這樣製作出來的頭就會很硬啦，不會像我們這些泡棉牌軟頭殼XD
但是也比我們這些泡棉牌軟頭殼還要不能壓就是了

----------


## 白狼 小舞

嗯嗯~原來是這樣阿~我懂了!!XD

翻模製作@@太強了!!!

感謝分享~  :Very Happy:  

作為挑戰的目標~  :Wink:  

獸裝萬歲~  :Mr. Green:

----------


## 豪華王

剛爬到這篇文章...發現很有趣
蠻像俺以前說過
--
只要有開發出獸頭的基本型，製作成FRP
獸友買回去自行去永樂市場購買毛布，弄把熱熔膠槍、小剪刀
人人都能簡易的製作出自己的獸裝
--
昨天好像才跟某位獸友又提了一遍

雖然說FRP比較強硬、壽命也高，不過工期長了些，一天1具
也是有更快速的方法，個人工作室即可達到超快速大量生產...
反正表面是用毛布，不需要人偶表面處理的精緻度

默...

----------


## 血腥之狼

感覺真是不錯喔~ :P 
不過那麼多美金真是嚇死人  :Shocked:  
 :Laughing:   :Cool:   :Laughing:   :Cool:   :Laughing:   :Cool:   :Laughing:   :Cool:

----------


## hosun

待JC大人收到後, 再穿起來拍照給大家看看吧!!

----------


## b321234

Qarrezel大大做的毛毛一定要欣賞一下XDD(有你什麼事阿喂~

----------


## 混血狼狗

雖說骨架可以用模子批量生産
但生産過程也非常有技術含量哦
總體來說1200美金還是很公道的（考慮到米國的物價和消費水平）
另外，此獸裝好看的另一個重要原因
是JC大大的設定很漂亮~（不要拍馬屁啦
總之~Q老師的作品我還是很喜歡的~

----------


## 狼之風

我自己也好想開始存錢做獸裝喔
順便也要問問大大們製作方法
我也會去瞧瞧看網路上的製作

----------


## a7556660

蠻好奇要怎麼做
不然就自己存錢吧

----------


## 斯冰菊

本狼到訪Q獸大的官網，發現裡面的獸裝真是極品哪！
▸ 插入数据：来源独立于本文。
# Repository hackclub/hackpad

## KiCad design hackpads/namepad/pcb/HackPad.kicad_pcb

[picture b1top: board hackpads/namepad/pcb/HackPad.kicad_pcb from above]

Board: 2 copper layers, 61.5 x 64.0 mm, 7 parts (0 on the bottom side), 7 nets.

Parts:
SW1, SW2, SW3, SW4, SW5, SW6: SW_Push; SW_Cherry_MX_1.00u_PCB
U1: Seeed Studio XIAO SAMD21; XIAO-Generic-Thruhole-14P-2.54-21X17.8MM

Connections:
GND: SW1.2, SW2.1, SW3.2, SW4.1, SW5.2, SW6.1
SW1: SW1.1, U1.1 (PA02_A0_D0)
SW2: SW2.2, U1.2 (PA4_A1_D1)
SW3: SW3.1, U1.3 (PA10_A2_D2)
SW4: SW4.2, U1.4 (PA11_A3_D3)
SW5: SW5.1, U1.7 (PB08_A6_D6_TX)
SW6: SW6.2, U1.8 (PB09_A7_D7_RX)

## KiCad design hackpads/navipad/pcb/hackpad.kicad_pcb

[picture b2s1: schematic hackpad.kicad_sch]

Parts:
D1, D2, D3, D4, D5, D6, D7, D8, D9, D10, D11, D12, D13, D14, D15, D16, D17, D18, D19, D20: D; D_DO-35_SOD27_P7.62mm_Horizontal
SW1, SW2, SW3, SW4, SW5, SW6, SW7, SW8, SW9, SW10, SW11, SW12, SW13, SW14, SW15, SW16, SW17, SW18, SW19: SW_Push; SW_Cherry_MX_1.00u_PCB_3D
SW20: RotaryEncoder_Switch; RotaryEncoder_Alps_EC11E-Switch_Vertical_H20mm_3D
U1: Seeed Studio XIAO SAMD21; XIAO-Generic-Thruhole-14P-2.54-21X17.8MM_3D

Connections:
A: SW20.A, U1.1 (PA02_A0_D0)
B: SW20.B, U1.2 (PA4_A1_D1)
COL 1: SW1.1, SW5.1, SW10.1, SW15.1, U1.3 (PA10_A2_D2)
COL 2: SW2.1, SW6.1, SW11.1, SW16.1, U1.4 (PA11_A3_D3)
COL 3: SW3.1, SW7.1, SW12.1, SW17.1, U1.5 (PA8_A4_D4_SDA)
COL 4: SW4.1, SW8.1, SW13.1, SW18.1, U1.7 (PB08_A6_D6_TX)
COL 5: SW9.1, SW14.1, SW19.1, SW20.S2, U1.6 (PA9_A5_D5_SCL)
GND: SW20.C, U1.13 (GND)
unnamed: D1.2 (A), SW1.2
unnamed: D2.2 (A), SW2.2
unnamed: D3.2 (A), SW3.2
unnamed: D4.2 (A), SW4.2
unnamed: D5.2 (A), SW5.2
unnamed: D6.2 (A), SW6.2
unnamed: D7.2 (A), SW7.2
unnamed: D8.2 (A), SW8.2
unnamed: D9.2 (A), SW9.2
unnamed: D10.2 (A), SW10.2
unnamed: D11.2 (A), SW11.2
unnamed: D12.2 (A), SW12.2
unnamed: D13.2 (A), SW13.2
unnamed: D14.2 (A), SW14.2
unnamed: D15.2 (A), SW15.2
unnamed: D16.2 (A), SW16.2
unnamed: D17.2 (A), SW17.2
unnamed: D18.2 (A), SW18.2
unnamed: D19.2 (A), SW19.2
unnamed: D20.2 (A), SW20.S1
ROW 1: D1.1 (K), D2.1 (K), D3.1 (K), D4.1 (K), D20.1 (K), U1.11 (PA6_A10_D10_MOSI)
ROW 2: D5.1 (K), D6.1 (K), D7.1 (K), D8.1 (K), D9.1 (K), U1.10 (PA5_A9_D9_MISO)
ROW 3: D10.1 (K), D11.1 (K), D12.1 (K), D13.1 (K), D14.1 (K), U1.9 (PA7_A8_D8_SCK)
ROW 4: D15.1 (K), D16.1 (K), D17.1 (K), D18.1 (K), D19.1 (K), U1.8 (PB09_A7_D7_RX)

！！  :wuf_e_surprised:  

尤其是雪中狼以及狼人持弓射箭的那兩套，深得本狼狼心啊！！！  :wuffer_glee: 

原本還不明白狐狸大的專業，原來是翻模啊！！！(恍然大悟)

1200美元合理啦！！！只是，本狼恐怕除了存錢之外，要不然就只能祈求狼族祖先保佑本狼中樂透或千萬發票才行！！！不然，恐怕是無緣了！！！  :wuffer_bawl:  

或者，本狼可以像豪華大說的自行製作？  :wuffer_arou:

----------


## tobyhokh

USD1200+運費？！ :狐狸嚇到: ，太貴了吧！

----------